= WORK REQUEST =
Omit all pictures and transcribe only the lines in the entries below that run from the line with "- net N$3: now also K1.2; no longer K1.1" through the line with "[diagram v2b: schematic, after]".

[[ DATA RECORDS, beginning ]]

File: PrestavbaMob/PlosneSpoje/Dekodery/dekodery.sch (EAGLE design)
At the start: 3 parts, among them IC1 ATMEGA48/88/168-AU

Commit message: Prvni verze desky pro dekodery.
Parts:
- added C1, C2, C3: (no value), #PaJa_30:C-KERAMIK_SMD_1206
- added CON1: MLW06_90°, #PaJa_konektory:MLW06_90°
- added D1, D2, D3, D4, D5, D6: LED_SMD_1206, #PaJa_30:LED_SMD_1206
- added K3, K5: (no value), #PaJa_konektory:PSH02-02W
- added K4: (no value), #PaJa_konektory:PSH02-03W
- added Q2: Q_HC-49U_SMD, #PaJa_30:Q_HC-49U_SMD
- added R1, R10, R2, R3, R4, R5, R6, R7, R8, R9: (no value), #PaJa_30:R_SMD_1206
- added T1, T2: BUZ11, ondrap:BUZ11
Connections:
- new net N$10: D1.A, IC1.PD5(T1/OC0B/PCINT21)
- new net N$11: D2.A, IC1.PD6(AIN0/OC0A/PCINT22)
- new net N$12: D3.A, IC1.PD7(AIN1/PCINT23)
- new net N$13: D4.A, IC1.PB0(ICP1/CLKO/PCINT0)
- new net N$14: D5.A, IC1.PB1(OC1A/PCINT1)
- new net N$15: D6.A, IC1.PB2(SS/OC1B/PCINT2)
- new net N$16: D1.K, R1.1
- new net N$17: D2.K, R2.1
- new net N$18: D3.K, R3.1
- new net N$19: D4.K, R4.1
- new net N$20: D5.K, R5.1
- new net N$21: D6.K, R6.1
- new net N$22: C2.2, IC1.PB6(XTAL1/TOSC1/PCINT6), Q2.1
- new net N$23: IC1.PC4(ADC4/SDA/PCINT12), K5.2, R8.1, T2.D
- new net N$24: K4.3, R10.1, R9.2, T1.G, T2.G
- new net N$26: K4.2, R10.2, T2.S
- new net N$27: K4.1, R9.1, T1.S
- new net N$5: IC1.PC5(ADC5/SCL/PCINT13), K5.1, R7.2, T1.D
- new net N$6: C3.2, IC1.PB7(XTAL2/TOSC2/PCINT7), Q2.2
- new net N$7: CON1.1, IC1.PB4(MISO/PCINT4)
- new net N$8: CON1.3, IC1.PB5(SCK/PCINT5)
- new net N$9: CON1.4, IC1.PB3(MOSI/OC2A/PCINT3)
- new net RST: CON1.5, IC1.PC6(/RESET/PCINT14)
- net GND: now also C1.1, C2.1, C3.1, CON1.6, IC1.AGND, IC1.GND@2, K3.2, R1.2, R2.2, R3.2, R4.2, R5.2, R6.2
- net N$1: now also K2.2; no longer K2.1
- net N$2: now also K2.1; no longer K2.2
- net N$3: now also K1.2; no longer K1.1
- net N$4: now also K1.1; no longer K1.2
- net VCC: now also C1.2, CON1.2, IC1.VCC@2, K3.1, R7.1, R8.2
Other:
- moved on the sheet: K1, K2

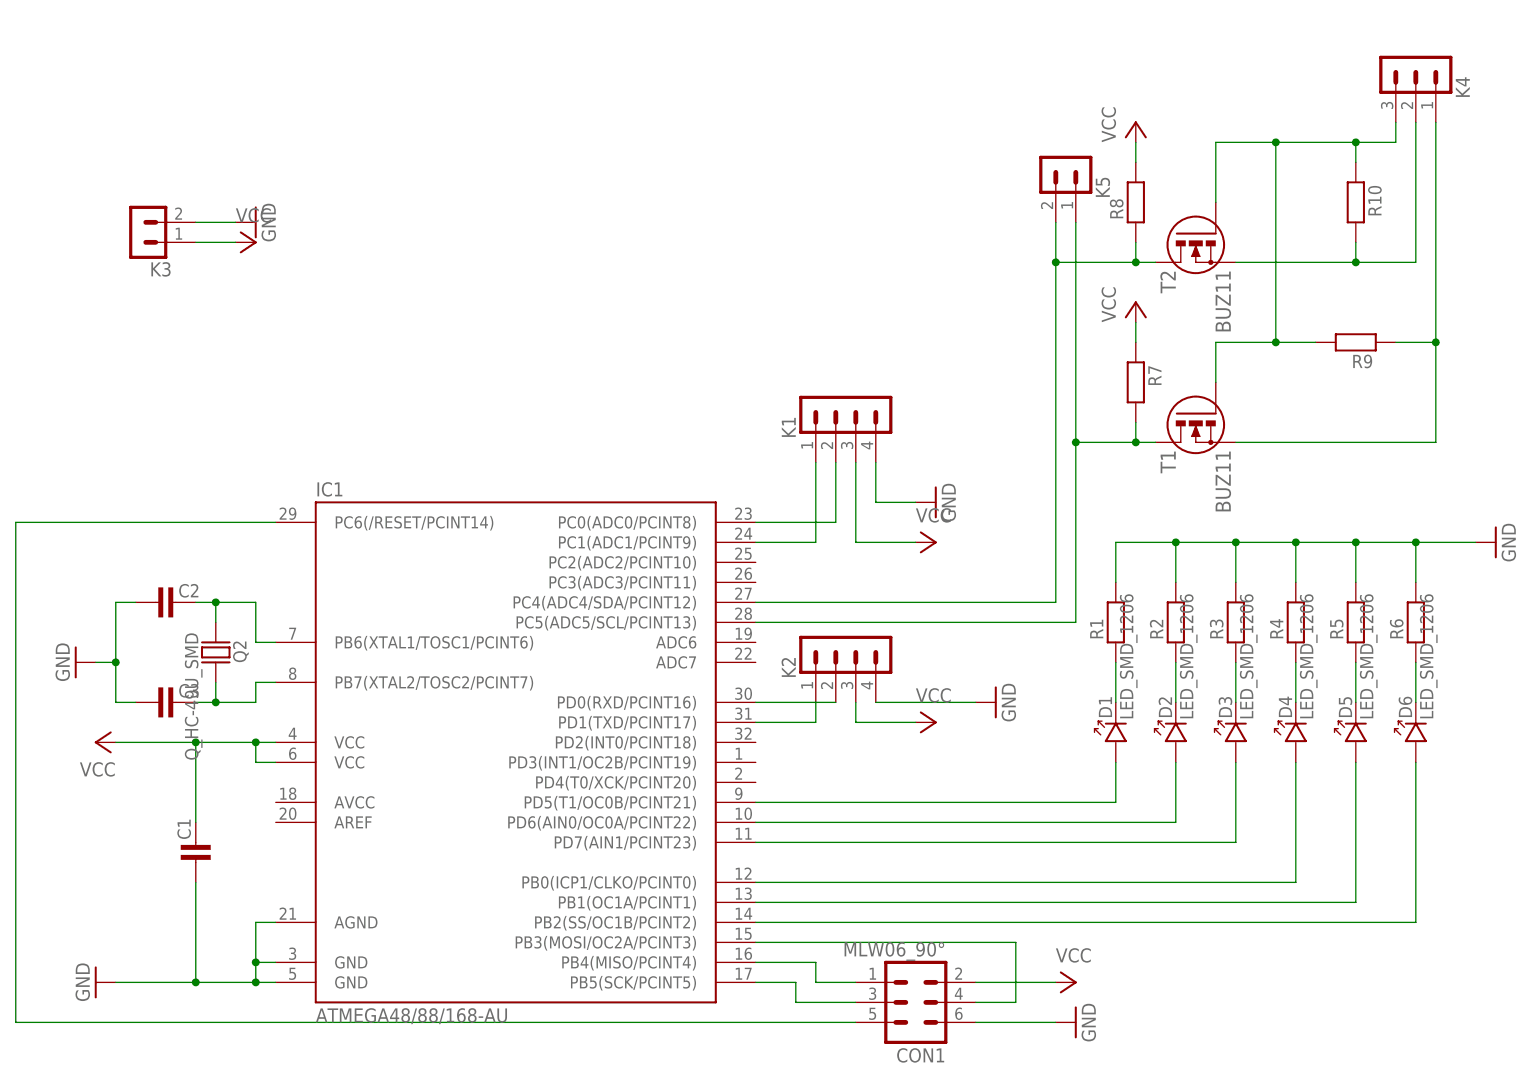
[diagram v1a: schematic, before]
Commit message: Pridan pull-up rezistor k resetu a zapojeni avcc.
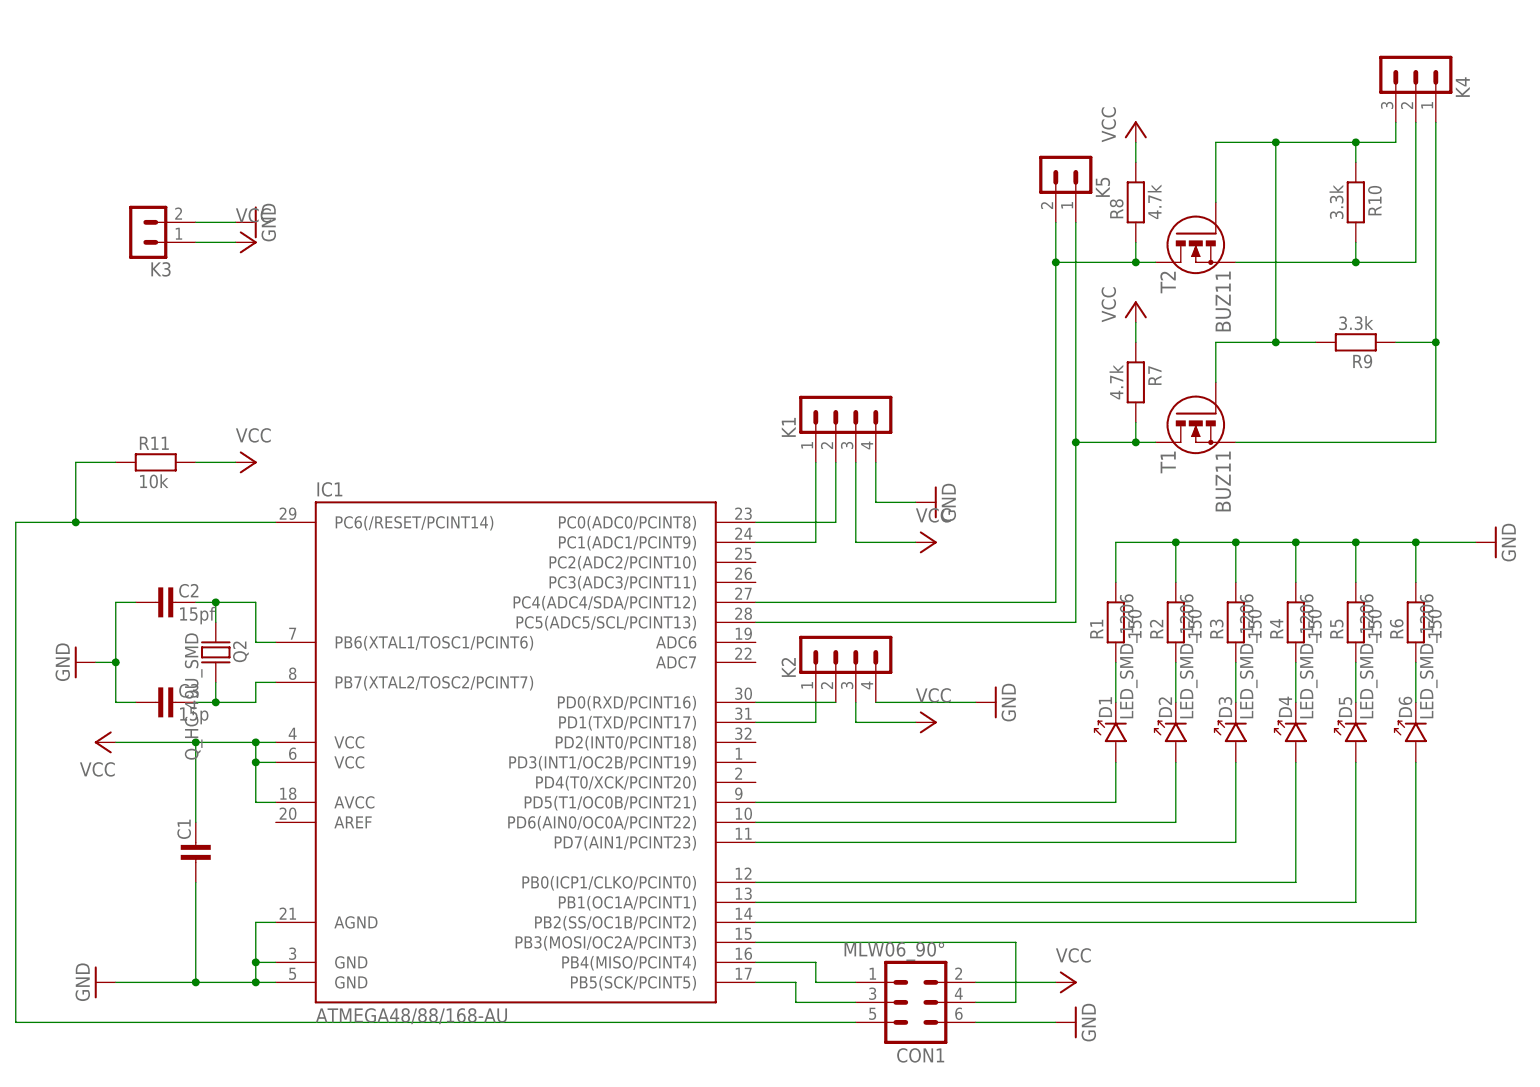
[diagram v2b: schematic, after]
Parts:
- added R11: 10k, #PaJa_30:R_SMD_1206
- C2: value (none) -> 15pf
- C3: value (none) -> 15p
- R1, R2, R3, R4, R5, R6: value (none) -> 150
- R10, R9: value (none) -> 3.3k
- R7, R8: value (none) -> 4.7k
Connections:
- net RST: now also R11.1
- net VCC: now also IC1.AVCC, R11.2
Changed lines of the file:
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@@
 <part name="P+3" library="supply1" deviceset="VCC" device=""/>
 <part name="C1" library="#PaJa_30" deviceset="C-KERAMIK" device="_SMD_1206"/>
-<part name="C2" library="#PaJa_30" deviceset="C-KERAMIK" device="_SMD_1206"/>
-<part name="C3" library="#PaJa_30" deviceset="C-KERAMIK" device="_SMD_1206"/>
+<part name="C2" library="#PaJa_30" deviceset="C-KERAMIK" device="_SMD_1206" value="15pf"/>
+<part name="C3" library="#PaJa_30" deviceset="C-KERAMIK" device="_SMD_1206" value="15p"/>
 <part name="GND4" library="supply1" deviceset="GND" device=""/>
 <part name="CON1" library="#PaJa_konektory" deviceset="MLW06" device="_90°"/>
@@
 <part name="D5" library="#PaJa_30" deviceset="LED" device="_SMD_1206"/>
 <part name="D6" library="#PaJa_30" deviceset="LED" device="_SMD_1206"/>
-<part name="R1" library="#PaJa_30" deviceset="R" device="_SMD_1206"/>
-<part name="R2" library="#PaJa_30" deviceset="R" device="_SMD_1206"/>
-<part name="R3" library="#PaJa_30" deviceset="R" device="_SMD_1206"/>
-<part name="R4" library="#PaJa_30" deviceset="R" device="_SMD_1206"/>
-<part name="R5" library="#PaJa_30" deviceset="R" device="_SMD_1206"/>
-<part name="R6" library="#PaJa_30" deviceset="R" device="_SMD_1206"/>
+<part name="R1" library="#PaJa_30" deviceset="R" device="_SMD_1206" value="150"/>
+<part name="R2" library="#PaJa_30" deviceset="R" device="_SMD_1206" value="150"/>
+<part name="R3" library="#PaJa_30" deviceset="R" device="_SMD_1206" value="150"/>
+<part name="R4" library="#PaJa_30" deviceset="R" device="_SMD_1206" value="150"/>
+<part name="R5" library="#PaJa_30" deviceset="R" device="_SMD_1206" value="150"/>
+<part name="R6" library="#PaJa_30" deviceset="R" device="_SMD_1206" value="150"/>
 <part name="GND6" library="supply1" deviceset="GND" device=""/>
 <part name="K3" library="#PaJa_konektory" deviceset="PSH02-02" device="W"/>
@@
 <part name="K4" library="#PaJa_konektory" deviceset="PSH02-03" device="W"/>
 <part name="P+6" library="supply1" deviceset="VCC" device=""/>
-<part name="R7" library="#PaJa_30" deviceset="R" device="_SMD_1206"/>
-<part name="R8" library="#PaJa_30" deviceset="R" device="_SMD_1206"/>
+<part name="R7" library="#PaJa_30" deviceset="R" device="_SMD_1206" value="4.7k"/>
+<part name="R8" library="#PaJa_30" deviceset="R" device="_SMD_1206" value="4.7k"/>
 <part name="P+7" library="supply1" deviceset="VCC" device=""/>
-<part name="R9" library="#PaJa_30" deviceset="R" device="_SMD_1206"/>
-<part name="R10" library="#PaJa_30" deviceset="R" device="_SMD_1206"/>
+<part name="R9" library="#PaJa_30" deviceset="R" device="_SMD_1206" value="3.3k"/>
+<part name="R10" library="#PaJa_30" deviceset="R" device="_SMD_1206" value="3.3k"/>
 <part name="K5" library="#PaJa_konektory" deviceset="PSH02-02" device="W"/>
+<part name="R11" library="#PaJa_30" deviceset="R" device="_SMD_1206" value="10k"/>
+<part name="P+8" library="supply1" deviceset="VCC" device=""/>
 </parts>
 <sheets>
@@
 <instance part="R10" gate="R" x="200.66" y="134.62" rot="R270"/>
 <instance part="K5" gate="KON" x="165.1" y="134.62" rot="MR0"/>
+<instance part="R11" gate="R" x="48.26" y="101.6"/>
+<instance part="P+8" gate="VCC" x="60.96" y="101.6" rot="R270"/>
 </instances>
 <busses>
@@
 <wire x1="60.96" y1="63.5" x2="60.96" y2="66.04" width="0.1524" layer="91"/>
 <junction x="60.96" y="66.04"/>
+<pinref part="IC1" gate="1" pin="AVCC"/>
+<wire x1="63.5" y1="58.42" x2="60.96" y2="58.42" width="0.1524" layer="91"/>
+<wire x1="60.96" y1="58.42" x2="60.96" y2="63.5" width="0.1524" layer="91"/>
+<junction x="60.96" y="63.5"/>
 </segment>
 <segment>
@@
 <pinref part="P+7" gate="VCC" pin="VCC"/>
 <wire x1="172.72" y1="139.7" x2="172.72" y2="142.24" width="0.1524" layer="91"/>
+</segment>
+<segment>
+<pinref part="P+8" gate="VCC" pin="VCC"/>
+<pinref part="R11" gate="R" pin="2"/>
+<wire x1="58.42" y1="101.6" x2="53.34" y2="101.6" width="0.1524" layer="91"/>
 </segment>
 </net>
@@
 <segment>
 <pinref part="IC1" gate="1" pin="PC6(/RESET/PCINT14)"/>
-<wire x1="63.5" y1="93.98" x2="30.48" y2="93.98" width="0.1524" layer="91"/>
+<wire x1="63.5" y1="93.98" x2="38.1" y2="93.98" width="0.1524" layer="91"/>
+<wire x1="38.1" y1="93.98" x2="30.48" y2="93.98" width="0.1524" layer="91"/>
 <wire x1="30.48" y1="93.98" x2="30.48" y2="30.48" width="0.1524" layer="91"/>
 <pinref part="CON1" gate="C" pin="5"/>
 <wire x1="30.48" y1="30.48" x2="137.16" y2="30.48" width="0.1524" layer="91"/>
-</segment>
-</net>
+<wire x1="38.1" y1="93.98" x2="38.1" y2="101.6" width="0.1524" layer="91"/>
+<junction x="38.1" y="93.98"/>
+<pinref part="R11" gate="R" pin="1"/>
+<wire x1="38.1" y1="101.6" x2="43.18" y2="101.6" width="0.1524" layer="91"/>
+</segment>
+</net>

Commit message: Upravena deska pro dekodery. Rozpracovano zapojeni soucastek a jejich propojeni na desce.
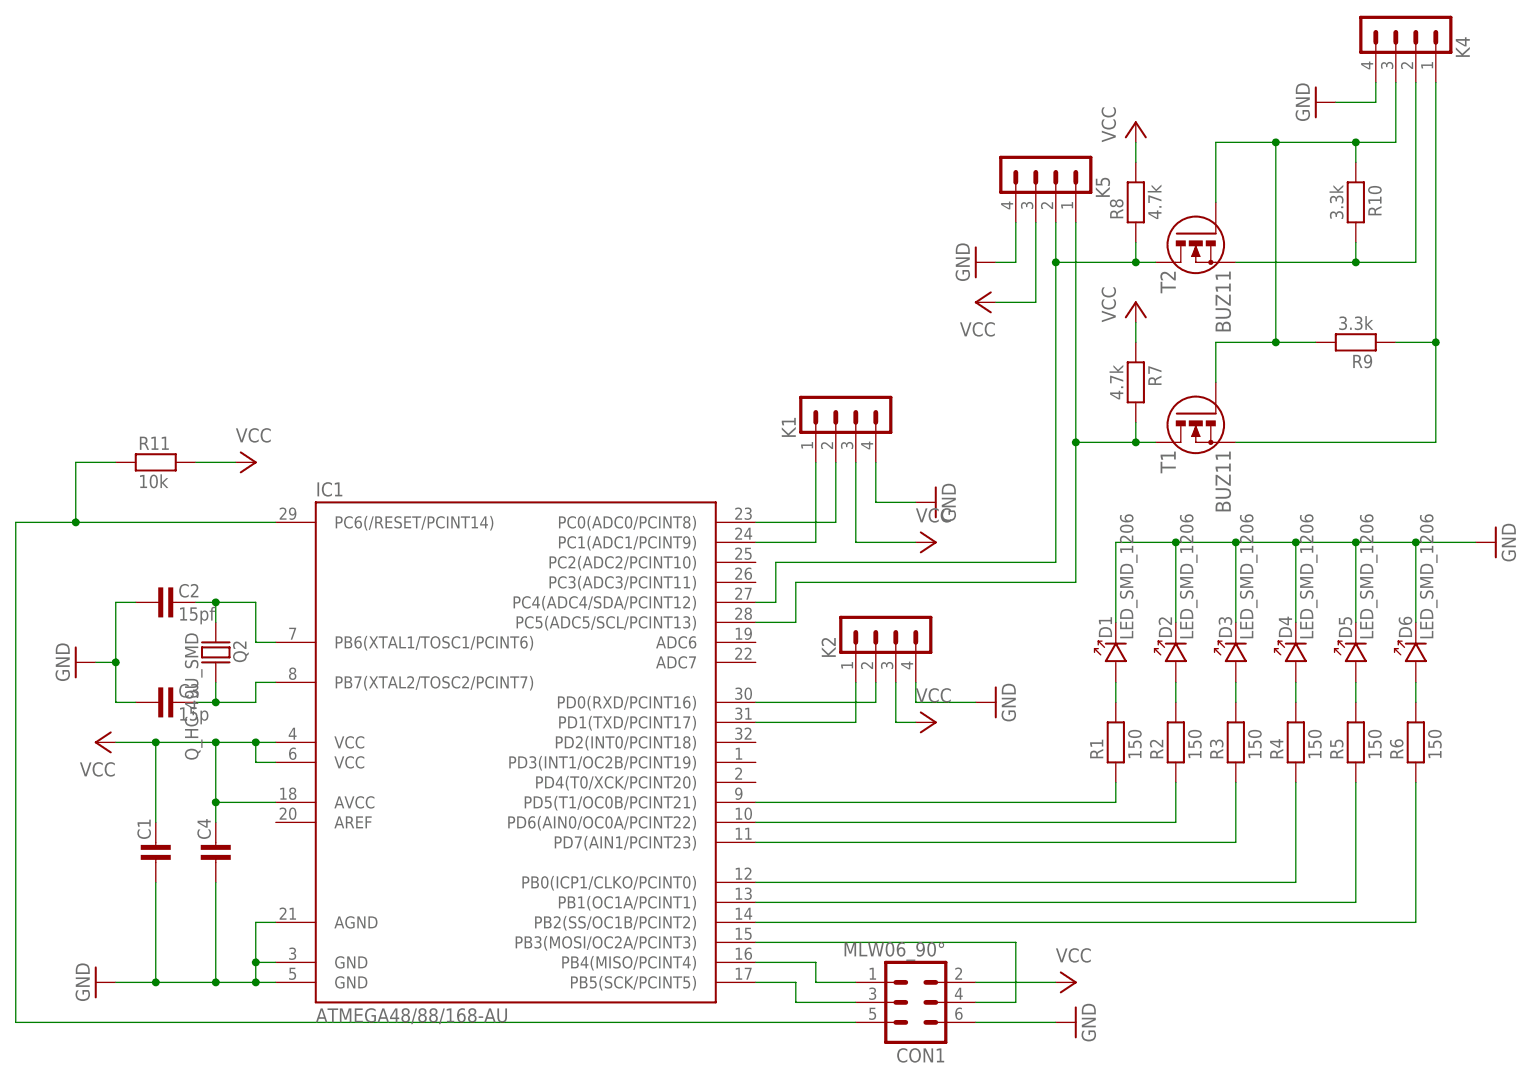
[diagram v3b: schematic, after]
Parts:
- removed K3: (no value), #PaJa_konektory:PSH02-02W
- added C4: (no value), #PaJa_30:C-KERAMIK_SMD_1206
- K4: device #PaJa_konektory:PSH02-03W -> #PaJa_konektory:PSH02-04W
- K5: device #PaJa_konektory:PSH02-02W -> #PaJa_konektory:PSH02-04W
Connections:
- net GND: now also C4.1, D1.K, D2.K, D3.K, D4.K, D5.K, D6.K, K4.4, K5.4; no longer K3.2, R1.2, R2.2, R3.2, R4.2, R5.2, R6.2
- net N$10: now also R1.1; no longer D1.A
- net N$11: now also R2.1; no longer D2.A
- net N$12: now also R3.1; no longer D3.A
- net N$13: now also R4.1; no longer D4.A
- net N$14: now also R5.1; no longer D5.A
- net N$15: now also R6.1; no longer D6.A
- net N$16: now also D1.A, R1.2; no longer D1.K, R1.1
- net N$17: now also D6.A, R6.2; no longer D2.K, R2.1
- net N$18: now also D5.A, R5.2; no longer D3.K, R3.1
- net N$19: now also D4.A, R4.2; no longer D4.K, R4.1
- net N$20: now also D3.A, R3.2; no longer D5.K, R5.1
- net N$21: now also D2.A, R2.2; no longer D6.K, R6.1
- net VCC: now also C4.2, K5.3; no longer K3.1
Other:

[[ DATA RECORDS, end ]]

= TASK OUTPUT =
- net N$3: now also K1.2; no longer K1.1
- net N$4: now also K1.1; no longer K1.2
- net VCC: now also C1.2, CON1.2, IC1.VCC@2, K3.1, R7.1, R8.2
Other:
- moved on the sheet: K1, K2

[diagram v1a: schematic, before]
Commit message: Pridan pull-up rezistor k resetu a zapojeni avcc.
[diagram v2b: schematic, after]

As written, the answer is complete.